The multiplicity of Mme. de Staël's writings earned for her the sobriquet of "the female Voltaire." She began to write when most girls of her age are still in pinafores; her early works are like the flights of a young eagle, betraying the fearless temerity of conscious power, combined with the inexperience of youth—she plunges into depths, and soars to heights of metaphysics and philosophy with all the audacity of untaught genius. The Influence of the Passions on the Happiness of Nations and Individuals is one of the most striking of those juvenile feats, and was quickly followed by others in the same field. Her novels are undoubtedly the first of her claims on enduring fame. Delphine is supposed to be Mme. de Staël as she was, and Corinne as she wished to be. They are both masterpieces of the romantic school prevalent in that day, and they both inaugurated a new reign in fiction. The closing years of the author's agitated life were devoted to the compilation of the volumes entitled Considerations on the French Revolution—a work of great magnitude, and which was intended to embrace the full exposition and justification of her father's policy and life, and a philosophical analysis of the theories of all known forms of government, as well as an elaborate history of the causes and effects of the Revolutionary crisis. The plan was colossal in scope, and almost infinite in the variety of subjects it included; but death did not wait for her to finish it. Amongst her earliest literary productions we must not refuse a passing mention to her dramatic efforts. She was not twenty when Sophie and Jane Grey earned for her a place amongst the most mature and brilliant writers of the period. There is no doubt, if she had had leisure to pursue this vein, Mme. de Staël would have enriched the French language with some remarkable comedies and tragedies. Her works were collected after her death by the Baron de Staël, her son, and form a series of eighteen large volumes.

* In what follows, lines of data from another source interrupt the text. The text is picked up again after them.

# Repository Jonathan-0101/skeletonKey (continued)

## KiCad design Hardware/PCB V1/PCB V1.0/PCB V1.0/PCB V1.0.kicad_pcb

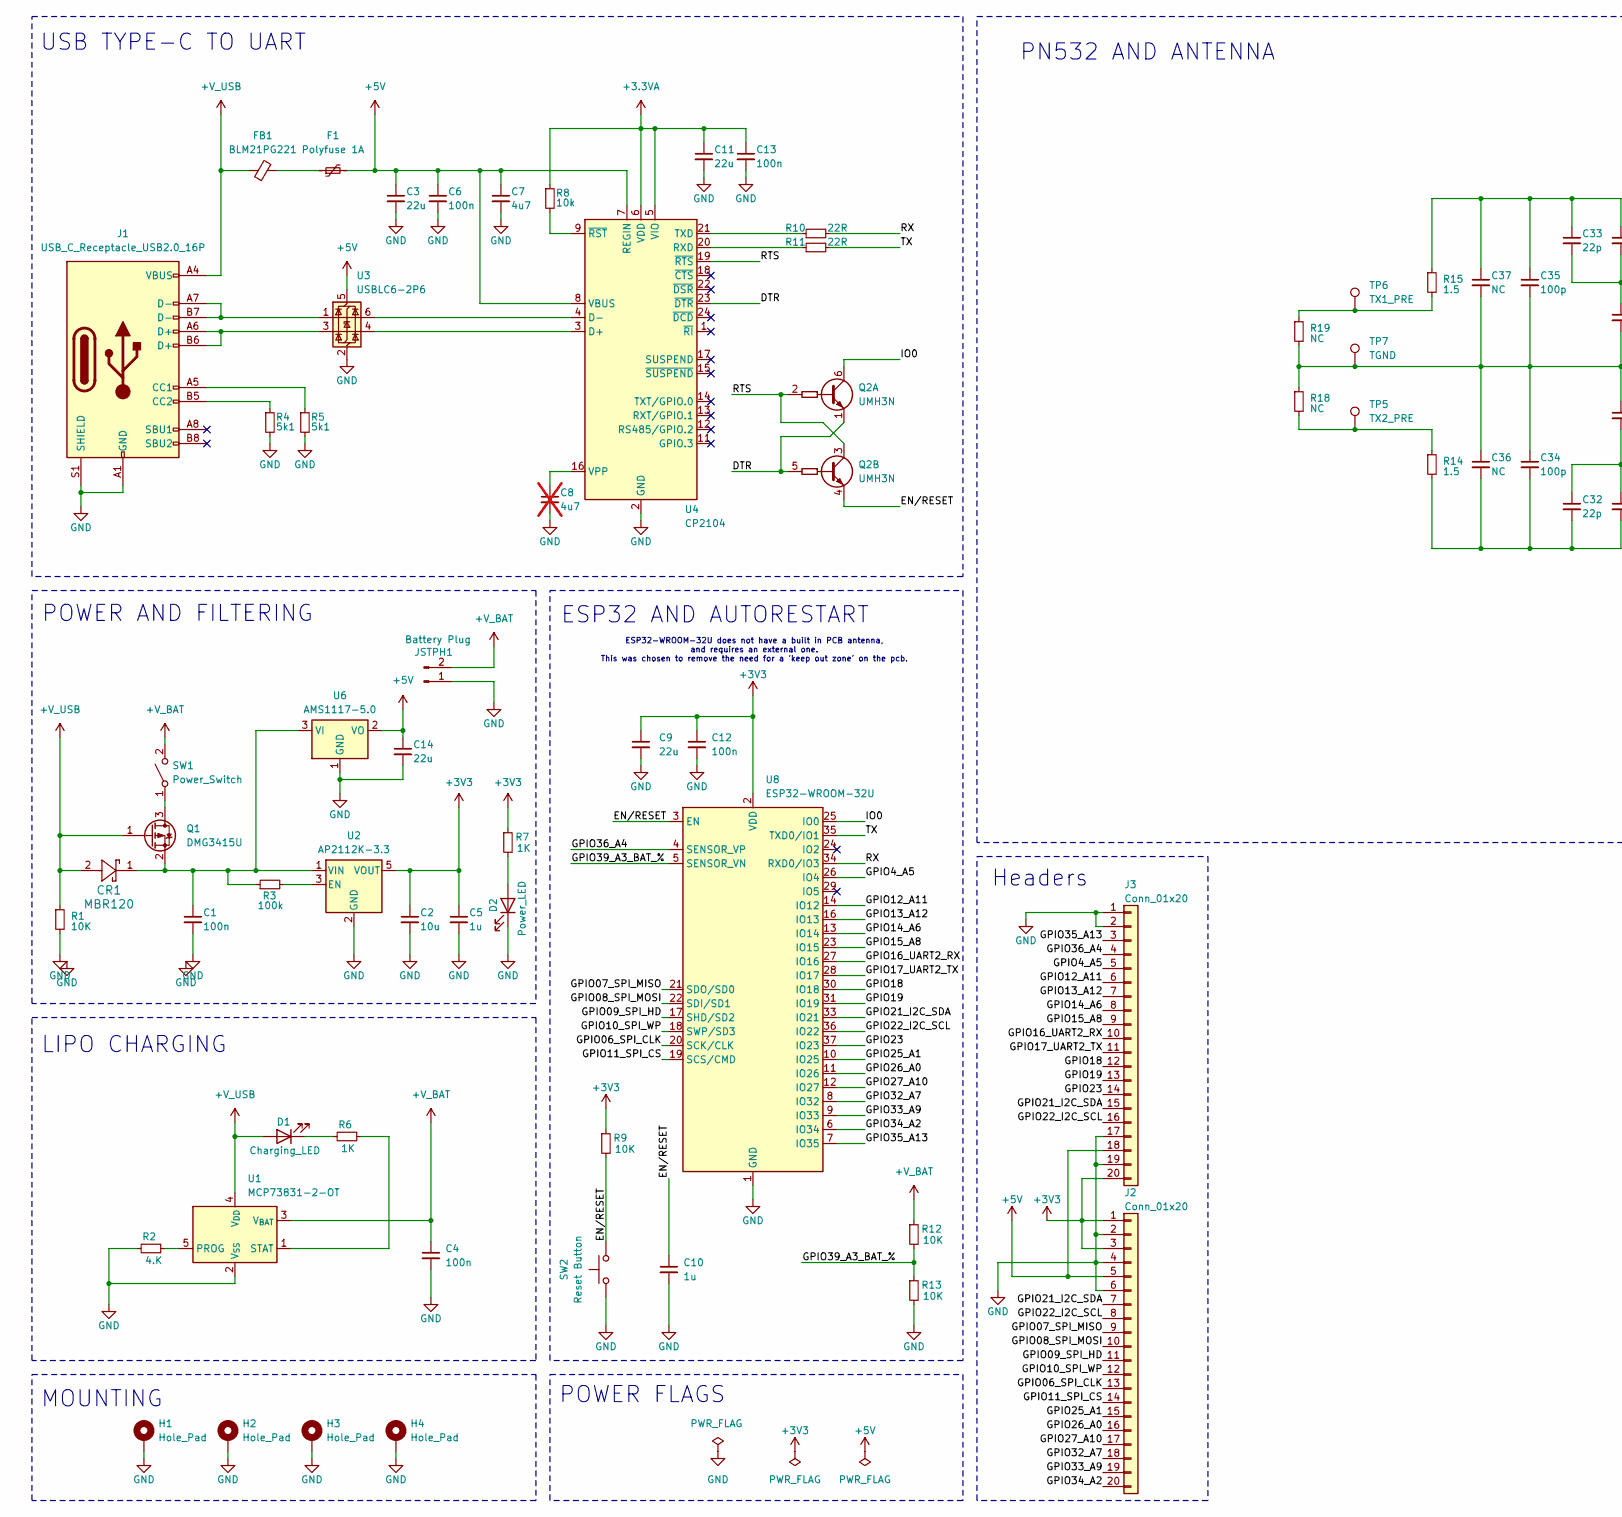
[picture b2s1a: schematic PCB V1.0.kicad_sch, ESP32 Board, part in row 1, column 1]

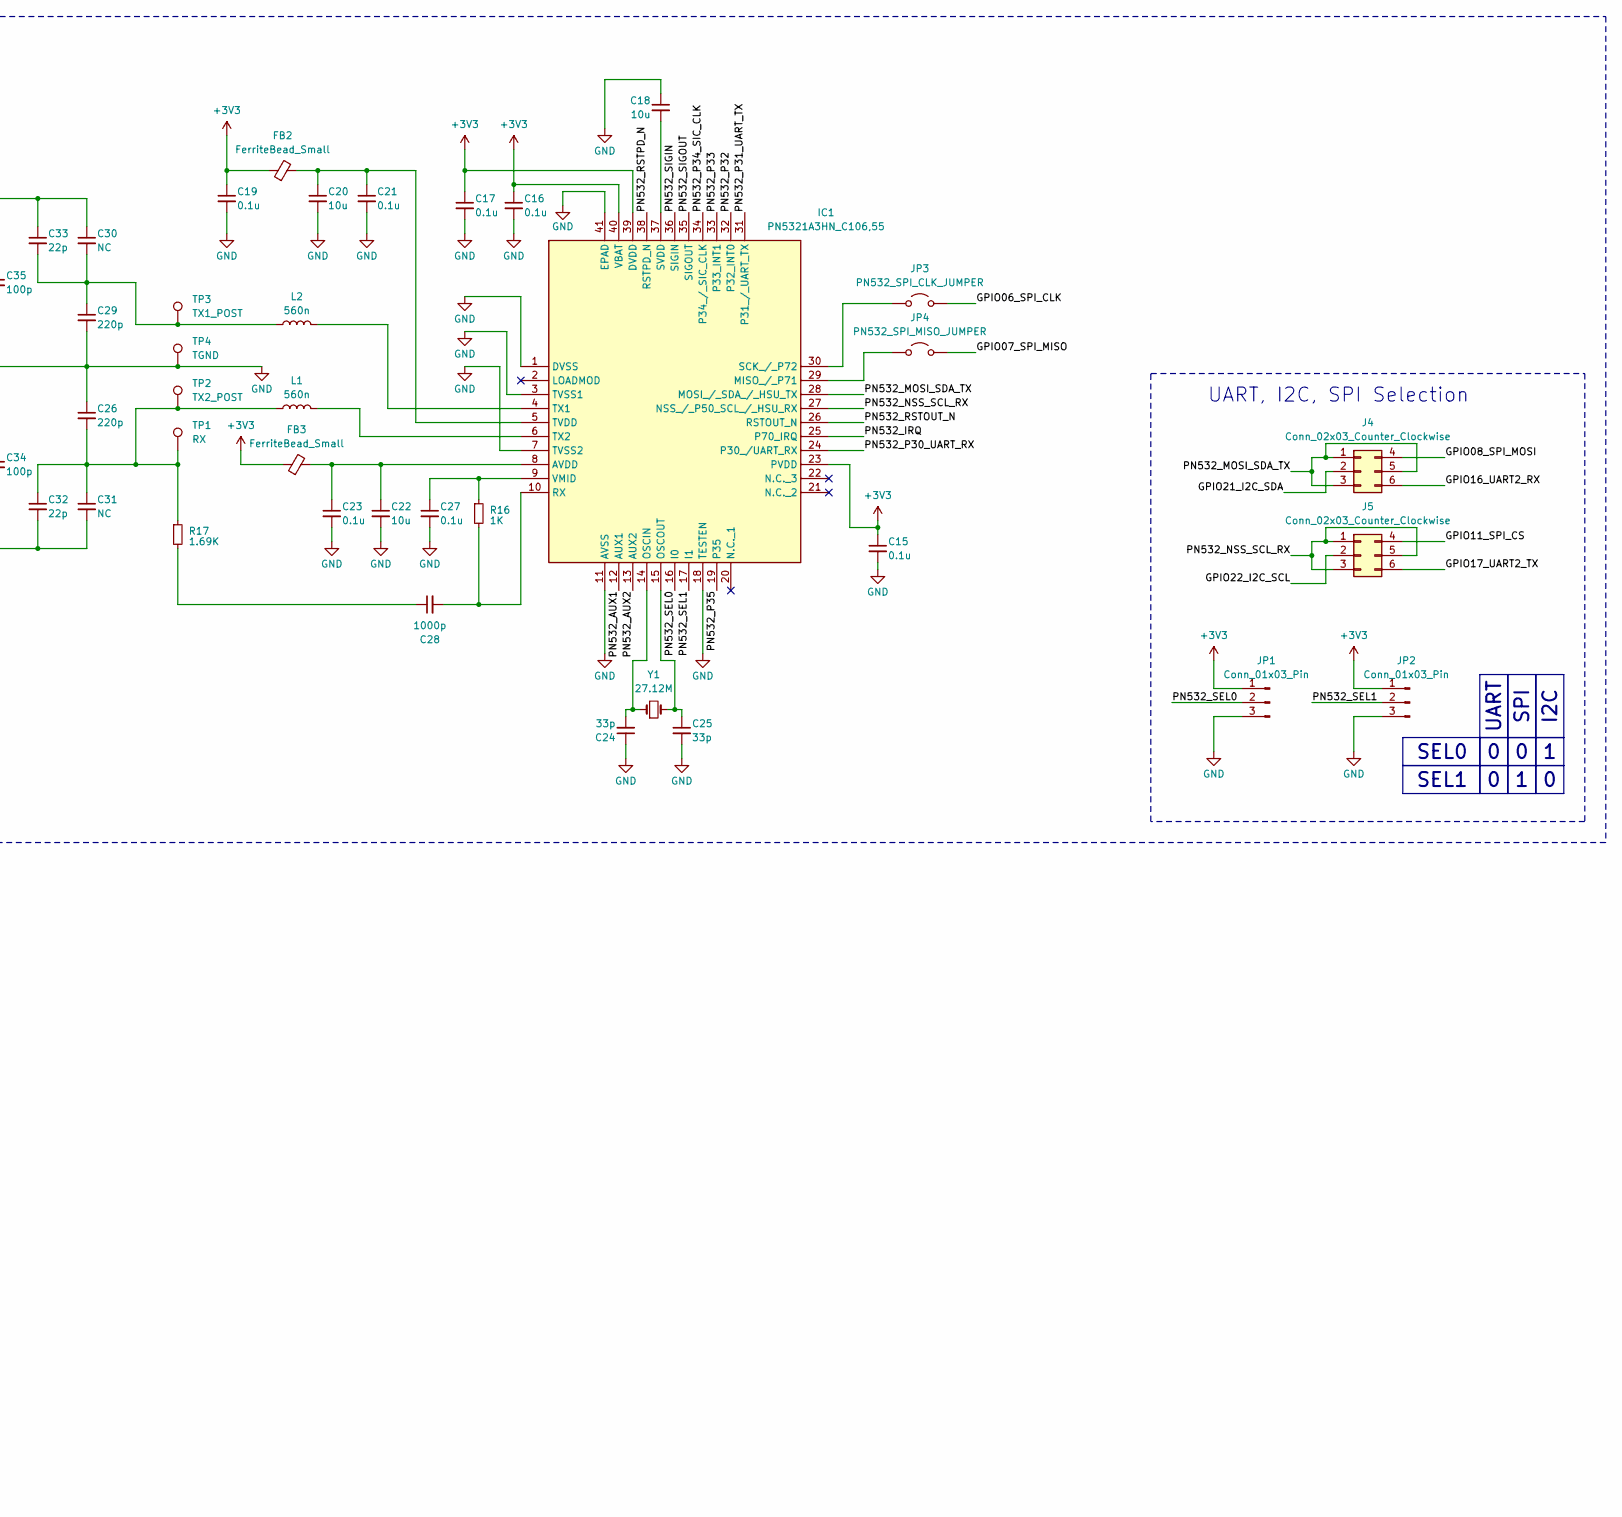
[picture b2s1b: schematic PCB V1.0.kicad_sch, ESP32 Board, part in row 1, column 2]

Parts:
C1, C6, C13: 100n; C_0805_2012Metric_Pad1.18x1.45mm_HandSolder
C2: 10u; C_0805_2012Metric_Pad1.18x1.45mm_HandSolder
C3, C9, C11: 22u; C_0805_2012Metric_Pad1.18x1.45mm_HandSolder
C4, C12: 100n; C_0402_1005Metric_Pad0.74x0.62mm_HandSolder
C5: 1u; C_0805_2012Metric_Pad1.18x1.45mm_HandSolder
C7: 4u7; C_0805_2012Metric_Pad1.18x1.45mm_HandSolder
C8: 4u7; C_0805_2012Metric_Pad1.18x1.45mm_HandSolder; not fitted
C10: 1u; C_0402_1005Metric_Pad0.74x0.62mm_HandSolder
C14: 22u; C_Axial_L3.8mm_D2.6mm_P10.00mm_Horizontal
C15, C16, C17, C19, C21, C23, C27: 0.1u; C_Axial_L3.8mm_D2.6mm_P10.00mm_Horizontal
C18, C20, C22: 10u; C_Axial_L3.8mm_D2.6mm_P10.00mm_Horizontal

The interest of the subject has led us into a somewhat lengthy sketch of the life of this distinguished lady. French annals furnish a study, almost unique, of women who were models of all womanly virtues, and yet by their brilliancy, wit, and conversance with public affairs were fitted to be the advisers of rulers and statesmen. We are very far from wishing to see the sex drawn out of their proper sphere, but when by natural and acquired talents they evince a vocation for affairs of state, we think that governments may wisely accept their counsel, and that their services are worthy of permanent record.